Karena Waktuku Begitu Berharga…
Waktu itu sekitar
Desember tahun 2004. Bagi kami anggota/pengurus Rohis Albahrain, tentunya ada sebuah
tahapan untuk meng- up grade diri sesuai dengan jalur kaderisasi Kerohisan. Maka
dari itu, Rohis Universitas Diponegoro (kini bernama INSANI) mengadakan “Training
Rohis 2” atau biasa disebut TR 2. Masing-masing fakultas diminta mengirimkan
delegasinya, dan dari Albahrain terpilihlah 3 orang mahasiswi (akhwat), yang
kesemuanya berasal dari program studi oseanografi termasuk aku. Segera lah kami
mempersiapkan segala kebutuhan (perlengkapan) yang diperlukan unutk kegiatan
yang berdurasi 1 minggu itu, dan tak lupa membawa persyaratan yang diwajibakan
yaitu membuat sebuah makalah. Semuanya kami lakukan dengan cepat di tengah-tengah
padatnya jadwal kuliah dan aktivitas keseharian kami, karena waktu persiapan
kami hanya tinggal esok saja, hari Jumat.
Hari Jumat pun
tiba, hari raya bagi umat muslim setiap minggunya. Aku telah selesai mengemasi
barang-barang keperluanku untuk acara itu. Tak disangka, ternyata hari itu Bapakku
datang. Tidak pernah ada pemberitahuan sebelumnya kalau beliau akan datang
mengunjungiku hari itu, karena handphone keluarga kami satu-satunhya ditinggal
di rumah kami yang jauh di luar pulau sana. Waktu itu handphone masih termasuk
barang langka, belum menjamur seperti
sekarang, sehingga begitu kagetnya
diriku menerima kedatangan Bapakku yang sangat tiba-tiba itu.
Ternyata hari itu
Bapakku mampir setelah sebelumnya mengikuti Muktamar Nasional salah satu
organisasi islam terbesar Indonesia di Boyolali selama beberapa hari. Melihat
di kostku tidak ada “hidangan penyambut” kedatangan Bapakku, maka segera kupergi
ke warung makan untuk membeli teh hangat dan soto ayam sebagai sarapan untuk beliau.
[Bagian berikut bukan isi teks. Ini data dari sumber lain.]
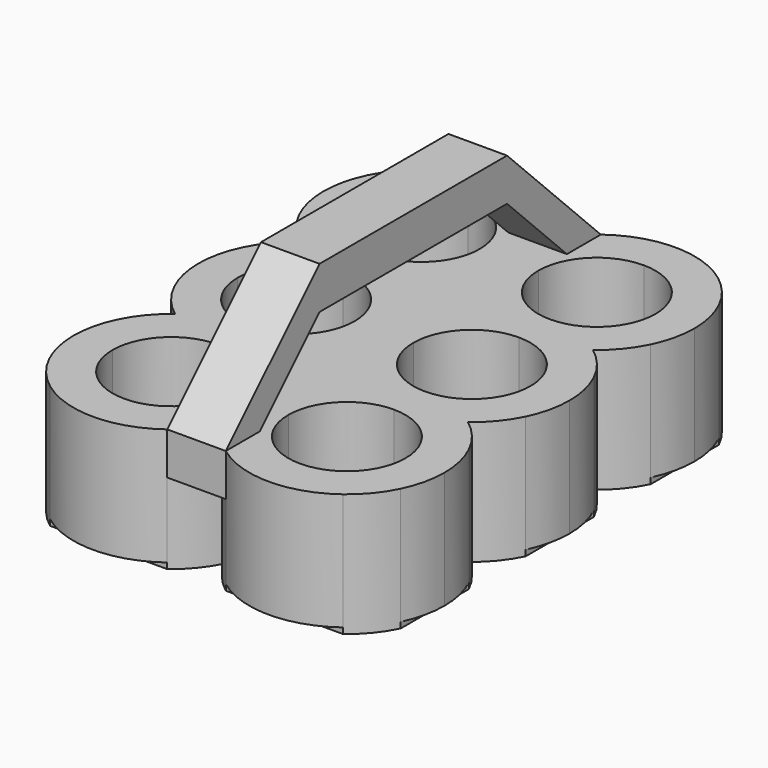
from build123d import *

# Parameters (mm, degrees)
F1_DEPTH = 25.4
F2_DEPTH = 1.27
F4_DEPTH = 6.35


with BuildPart() as f1:
    # F0 (on Top) → F1 (new body)
    with BuildSketch(Plane.XY):
        with BuildLine():
            Line((-2.1166666667, 33.8666666667), (-6.35, 33.8666666667))
            ThreePointArc((-6.35, 33.8666666667), (-10.0697438789, 24.8864105456), (-19.05, 21.1666666667))
            ThreePointArc((-19.05, 21.1666666667), (-12.356512286, 20.0804631421), (-6.35, 16.9333333333))
            ThreePointArc((-6.35, 16.9333333333), (-2.7139944723, 20.4069972362), (0, 24.6403305695))
            ThreePointArc((0, 24.6403305695), (-1.5807146965, 29.1336561143), (-2.1166666667, 33.8666666667))
        make_face()
        with BuildLine():
            ThreePointArc((-19.05, 46.5666666667), (-10.0697438789, 42.8469227877), (-6.35, 33.8666666667))
            Line((-6.35, 33.8666666667), (-2.1166666667, 33.8666666667))
            ThreePointArc((-2.1166666667, 33.8666666667), (-1.5807146965, 38.5996772191), (0, 43.0930027638))
            ThreePointArc((0, 43.0930027638), (-2.7139944723, 47.3263360972), (-6.35, 50.8))
            Line((-6.35, 50.8), (-19.05, 50.8))
            Line((-19.05, 50.8), (-19.05, 46.5666666667))
        make_face()
        with BuildLine():
            ThreePointArc((-31.75, 33.8666666667), (-28.0302561211, 42.8469227877), (-19.05, 46.5666666667))
            Line((-19.05, 46.5666666667), (-19.05, 50.8))
            Line((-19.05, 50.8), (-31.75, 50.8))
            ThreePointArc((-31.75, 50.8), (-35.3860055277, 47.3263360972), (-38.1, 43.0930027638))
            Line((-38.1, 43.0930027638), (-38.1, 33.8666666667))
            Line((-38.1, 33.8666666667), (-31.75, 33.8666666667))
        make_face()
        with BuildLine():
            ThreePointArc((-31.75, 16.9333333333), (-25.743487714, 20.0804631421), (-19.05, 21.1666666667))
            ThreePointArc((-19.05, 21.1666666667), (-28.0302561211, 24.8864105456), (-31.75, 33.8666666667))
            Line((-31.75, 33.8666666667), (-38.1, 33.8666666667))
            Line((-38.1, 33.8666666667), (-38.1, 24.6403305695))
            ThreePointArc((-38.1, 24.6403305695), (-35.3860055277, 20.4069972362), (-31.75, 16.9333333333))
        make_face()
        with BuildLine():
            ThreePointArc((-6.35, 16.9333333333), (-12.356512286, 20.0804631421), (-19.05, 21.1666666667))
            Line((-19.05, 21.1666666667), (-19.05, 16.9333333333))
            Line((-19.05, 16.9333333333), (-6.35, 16.9333333333))
        make_face()
        with BuildLine():
            Line((-19.05, 16.9333333333), (-19.05, 21.1666666667))
            ThreePointArc((-19.05, 21.1666666667), (-25.743487714, 20.0804631421), (-31.75, 16.9333333333))
            Line((-31.75, 16.9333333333), (-19.05, 16.9333333333))
        make_face()
        with BuildLine():
            ThreePointArc((0, 43.0930027638), (-1.5807146965, 38.5996772191), (-2.1166666667, 33.8666666667))
            Line((-2.1166666667, 33.8666666667), (0, 33.8666666667))
            Line((0, 33.8666666667), (0, 43.0930027638))
        make_face()
        with BuildLine():
            Line((0, 33.8666666667), (-2.1166666667, 33.8666666667))
            ThreePointArc((-2.1166666667, 33.8666666667), (-1.5807146965, 29.1336561143), (0, 24.6403305695))
            Line((0, 24.6403305695), (0, 33.8666666667))
        make_face()
        with BuildLine():
            Line((-31.75, 50.8), (-19.05, 50.8))
            Line((-19.05, 50.8), (-6.35, 50.8))
            ThreePointArc((-6.35, 50.8), (-19.05, 55.0333333333), (-31.75, 50.8))
        make_face()
        with BuildLine():
            Line((-6.35, 16.9333333333), (-19.05, 16.9333333333))
            Line((-19.05, 16.9333333333), (-19.05, 12.7))
            ThreePointArc((-19.0500000333, 12.7), (-12.3565123018, 13.7862035193), (-6.35, 16.9333333333))
        make_face()
        with BuildLine():
            Line((-19.05, 12.7), (-19.05, 16.9333333333))
            Line((-19.05, 16.9333333333), (-31.75, 16.9333333333))
            ThreePointArc((-31.75, 16.9333333333), (-25.7434877298, 13.7862035299), (-19.0500000333, 12.7))
        make_face()
        with BuildLine():
            ThreePointArc((0, 24.6403305695), (-2.7139944723, 20.4069972362), (-6.35, 16.9333333333))
            Line((-6.35, 16.9333333333), (0, 16.9333333333))
            Line((0, 16.9333333333), (0, 24.6403305695))
        make_face()
        with BuildLine():
            Line((0, 16.9333333333), (-6.35, 16.9333333333))
            ThreePointArc((-6.35, 16.9333333333), (-2.7139944723, 13.4596694305), (0, 9.2263360972))
            Line((0, 9.2263360972), (0, 16.9333333333))
        make_face()
        with BuildLine():
            ThreePointArc((0, 9.2263360972), (-2.7139944723, 13.4596694305), (-6.35, 16.9333333333))
            ThreePointArc((-6.35, 16.9333333333), (-12.3565123018, 13.7862035193), (-19.0500000333, 12.7))
            ThreePointArc((-19.0500000333, 12.7), (-10.0697438907, 8.9802561328), (-6.35, 0))
            Line((-6.35, 0), (-2.1166666667, 0))
            ThreePointArc((-2.1166666667, 0), (-1.5807146965, 4.7330105524), (0, 9.2263360972))
        make_face()
        with BuildLine():
            ThreePointArc((-19.0500000333, 12.7), (-25.7434877298, 13.7862035299), (-31.75, 16.9333333333))
            ThreePointArc((-31.75, 16.9333333333), (-35.3860055277, 13.4596694305), (-38.1, 9.2263360972))
            Line((-38.1, 9.2263360972), (-38.1, 0))
            Line((-38.1, 0), (-31.75, 0))
            ThreePointArc((-31.75, 0), (-28.0302561328, 8.9802561093), (-19.0500000333, 12.7))
        make_face()
        with BuildLine():
            Line((2.1166666667, 33.8666666667), (0, 33.8666666667))
            Line((0, 33.8666666667), (0, 24.6403305695))
            ThreePointArc((0, 24.6403305695), (1.5807146965, 29.1336561143), (2.1166666667, 33.8666666667))
        make_face()
        with BuildLine():
            Line((0, 43.0930027638), (0, 33.8666666667))
            Line((0, 33.8666666667), (2.1166666667, 33.8666666667))
            ThreePointArc((2.1166666667, 33.8666666667), (1.5807146965, 38.5996772191), (0, 43.0930027638))
        make_face()
        with BuildLine():
            ThreePointArc((6.35, 50.8), (2.7139944723, 47.3263360972), (0, 43.0930027638))
            ThreePointArc((0, 43.0930027638), (1.5807146965, 38.5996772191), (2.1166666667, 33.8666666667))
            Line((2.1166666667, 33.8666666667), (6.35, 33.8666666667))
            ThreePointArc((6.35, 33.8666666667), (10.0697438789, 42.8469227877), (19.05, 46.5666666667))
            Line((19.05, 46.5666666667), (19.05, 50.8))
            Line((19.05, 50.8), (6.35, 50.8))
        make_face()
        with BuildLine():
            ThreePointArc((6.35, 16.9333333333), (2.7139944723, 20.4069972362), (0, 24.6403305695))
            Line((0, 24.6403305695), (0, 16.9333333333))
            Line((0, 16.9333333333), (6.35, 16.9333333333))
        make_face()
        with BuildLine():
            ThreePointArc((2.1166666667, 33.8666666667), (1.5807146965, 29.1336561143), (0, 24.6403305695))
            ThreePointArc((0, 24.6403305695), (2.7139944723, 20.4069972362), (6.35, 16.9333333333))
            ThreePointArc((6.35, 16.9333333333), (12.356512286, 20.0804631421), (19.05, 21.1666666667))
            ThreePointArc((19.05, 21.1666666667), (10.0697438789, 24.8864105456), (6.35, 33.8666666667))
            Line((6.35, 33.8666666667), (2.1166666667, 33.8666666667))
        make_face()
        with BuildLine():
            Line((-38.1, 24.6403305695), (-38.1, 33.8666666667))
            Line((-38.1, 33.8666666667), (-38.1, 43.0930027638))
            ThreePointArc((-38.1, 43.0930027638), (-40.2166666667, 33.8666666667), (-38.1, 24.6403305695))
        make_face()
        with BuildLine():
            Line((6.35, 16.9333333333), (0, 16.9333333333))
            Line((0, 16.9333333333), (0, 9.2263360972))
            ThreePointArc((0, 9.2263360972), (2.7139944723, 13.4596694305), (6.35, 16.9333333333))
        make_face()
        with BuildLine():
            ThreePointArc((2.1166666667, 0), (1.5807146965, 4.7330105524), (0, 9.2263360972))
            Line((0, 9.2263360972), (0, 0))
            Line((0, 0), (2.1166666667, 0))
        make_face()
        with BuildLine():
            ThreePointArc((6.35, 16.9333333333), (2.7139944723, 13.4596694305), (0, 9.2263360972))
            ThreePointArc((0, 9.2263360972), (1.5807146965, 4.7330105524), (2.1166666667, 0))
            Line((2.1166666667, 0), (6.35, 0))
            ThreePointArc((6.35, 0), (10.0697438672, 8.9802561093), (19.0499999667, 12.7))
            ThreePointArc((19.0499999667, 12.7), (12.3565122702, 13.7862035299), (6.35, 16.9333333333))
        make_face()
        with BuildLine():
            Line((0, 0), (0, 9.2263360972))
            ThreePointArc((0, 9.2263360972), (-1.5807146965, 4.7330105524), (-2.1166666667, 0))
            Line((-2.1166666667, 0), (0, 0))
        make_face()
        with BuildLine():
            Line((-38.1, 0), (-38.1, 9.2263360972))
            ThreePointArc((-38.1, 9.2263360972), (-40.2166666667, 0), (-38.1, -9.2263360972))
            Line((-38.1, -9.2263360972), (-38.1, 0))
        make_face()
        with BuildLine():
            ThreePointArc((31.75, 50.8), (19.05, 55.0333333333), (6.35, 50.8))
            Line((6.35, 50.8), (19.05, 50.8))
            Line((19.05, 50.8), (31.75, 50.8))
        make_face()
        with BuildLine():
            ThreePointArc((19.05, 21.1666666667), (12.356512286, 20.0804631421), (6.35, 16.9333333333))
            Line((6.35, 16.9333333333), (19.05, 16.9333333333))
            Line((19.05, 16.9333333333), (19.05, 21.1666666667))
        make_face()
        with BuildLine():
            Line((19.05, 16.9333333333), (6.35, 16.9333333333))
            ThreePointArc((6.35, 16.9333333333), (12.3565122702, 13.7862035299), (19.0499999667, 12.7))
            Line((19.05, 12.7), (19.05, 16.9333333333))
        make_face()
        with BuildLine():
            Line((-2.1166666667, 0), (-6.35, 0))
            ThreePointArc((-6.35, 0), (-10.0697438789, -8.9802561211), (-19.05, -12.7))
            ThreePointArc((-19.05, -12.7), (-12.356512286, -13.7862035246), (-6.35, -16.9333333333))
            ThreePointArc((-6.35, -16.9333333333), (-2.7139944723, -13.4596694305), (0, -9.2263360972))
            ThreePointArc((0, -9.2263360972), (-1.5807146965, -4.7330105524), (-2.1166666667, 0))
        make_face()
        with BuildLine():
            ThreePointArc((-19.05, -12.7), (-28.0302561211, -8.9802561211), (-31.75, 0))
            Line((-31.75, 0), (-38.1, 0))
            Line((-38.1, 0), (-38.1, -9.2263360972))
            ThreePointArc((-38.1, -9.2263360972), (-35.3860055277, -13.4596694305), (-31.75, -16.9333333333))
            ThreePointArc((-31.75, -16.9333333333), (-25.743487714, -13.7862035246), (-19.05, -12.7))
        make_face()
        with BuildLine():
            Line((2.1166666667, 0), (0, 0))
            Line((0, 0), (0, -9.2263360972))
            ThreePointArc((0, -9.2263360972), (1.5807146965, -4.7330105524), (2.1166666667, 0))
        make_face()
        with BuildLine():
            Line((0, -9.2263360972), (0, 0))
            Line((0, 0), (-2.1166666667, 0))
            ThreePointArc((-2.1166666667, 0), (-1.5807146965, -4.7330105524), (0, -9.2263360972))
        make_face()
        with BuildLine():
            Line((6.35, 0), (2.1166666667, 0))
            ThreePointArc((2.1166666667, 0), (1.5807146965, -4.7330105524), (0, -9.2263360972))
            ThreePointArc((0, -9.2263360972), (2.7139944723, -13.4596694305), (6.35, -16.9333333333))
            ThreePointArc((6.35, -16.9333333333), (12.356512286, -13.7862035246), (19.05, -12.7))
            ThreePointArc((19.05, -12.7), (10.0697438789, -8.9802561211), (6.35, 0))
        make_face()
        with BuildLine():
            Line((31.75, 50.8), (19.05, 50.8))
            Line((19.05, 50.8), (19.05, 46.5666666667))
            ThreePointArc((19.05, 46.5666666667), (28.0302561211, 42.8469227877), (31.75, 33.8666666667))
            Line((31.75, 33.8666666667), (38.1, 33.8666666667))
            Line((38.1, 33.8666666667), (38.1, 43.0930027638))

Sambil menatap kembali penampilanku dan mengecek kembali barang-barangku, aku
bercerita bahwa hari itu akan ada agenda organisasi kampus sehingga jam 1 siang
nanti aku sudah harus tiba dan berkumpul di GSG (Gedung Serba Guna), “TIDAK
BOLEH TELAT..!!”, begitu pesan panitia. Bapakku pun mengerti dan menasehatiku
bahwa aku boleh saja aktif di organisasi atau ikut kegiatan apapun di kampus,
selama itu bermanfaat dan tidak membawa kepada pergaulan yang salah. Setelah
itu beliau pun beristirahat untuk menyiapkan tenaga, karena siang nanti beliau berencana
berangkat ke Majenang, Kabupaten Cilacap, untuk mengunjungi Nenek. Sebenarnya
beliau berencana berangkat pada sore hari, namun setelah mengetahui bahwa
anaknya ada kegiatan di organisasi kampusnya sehingga rencana keberangkatannya
pun dimajukan menjadi siang hari. Segera kukabarkan pada adikku bahwa Bapak sedang
mampir ke Semarang, dan kuminta dia untuk segera menuju kostku.
***
“ALLAHU
AKBAR…..ALLAAAHU AKBAR…!!!”, suara adzan pertanda masuknya waktu bagi seluruh
laki-laki yang beragama islam untuk menunaikan ibadah Jumat mulai berkumandang.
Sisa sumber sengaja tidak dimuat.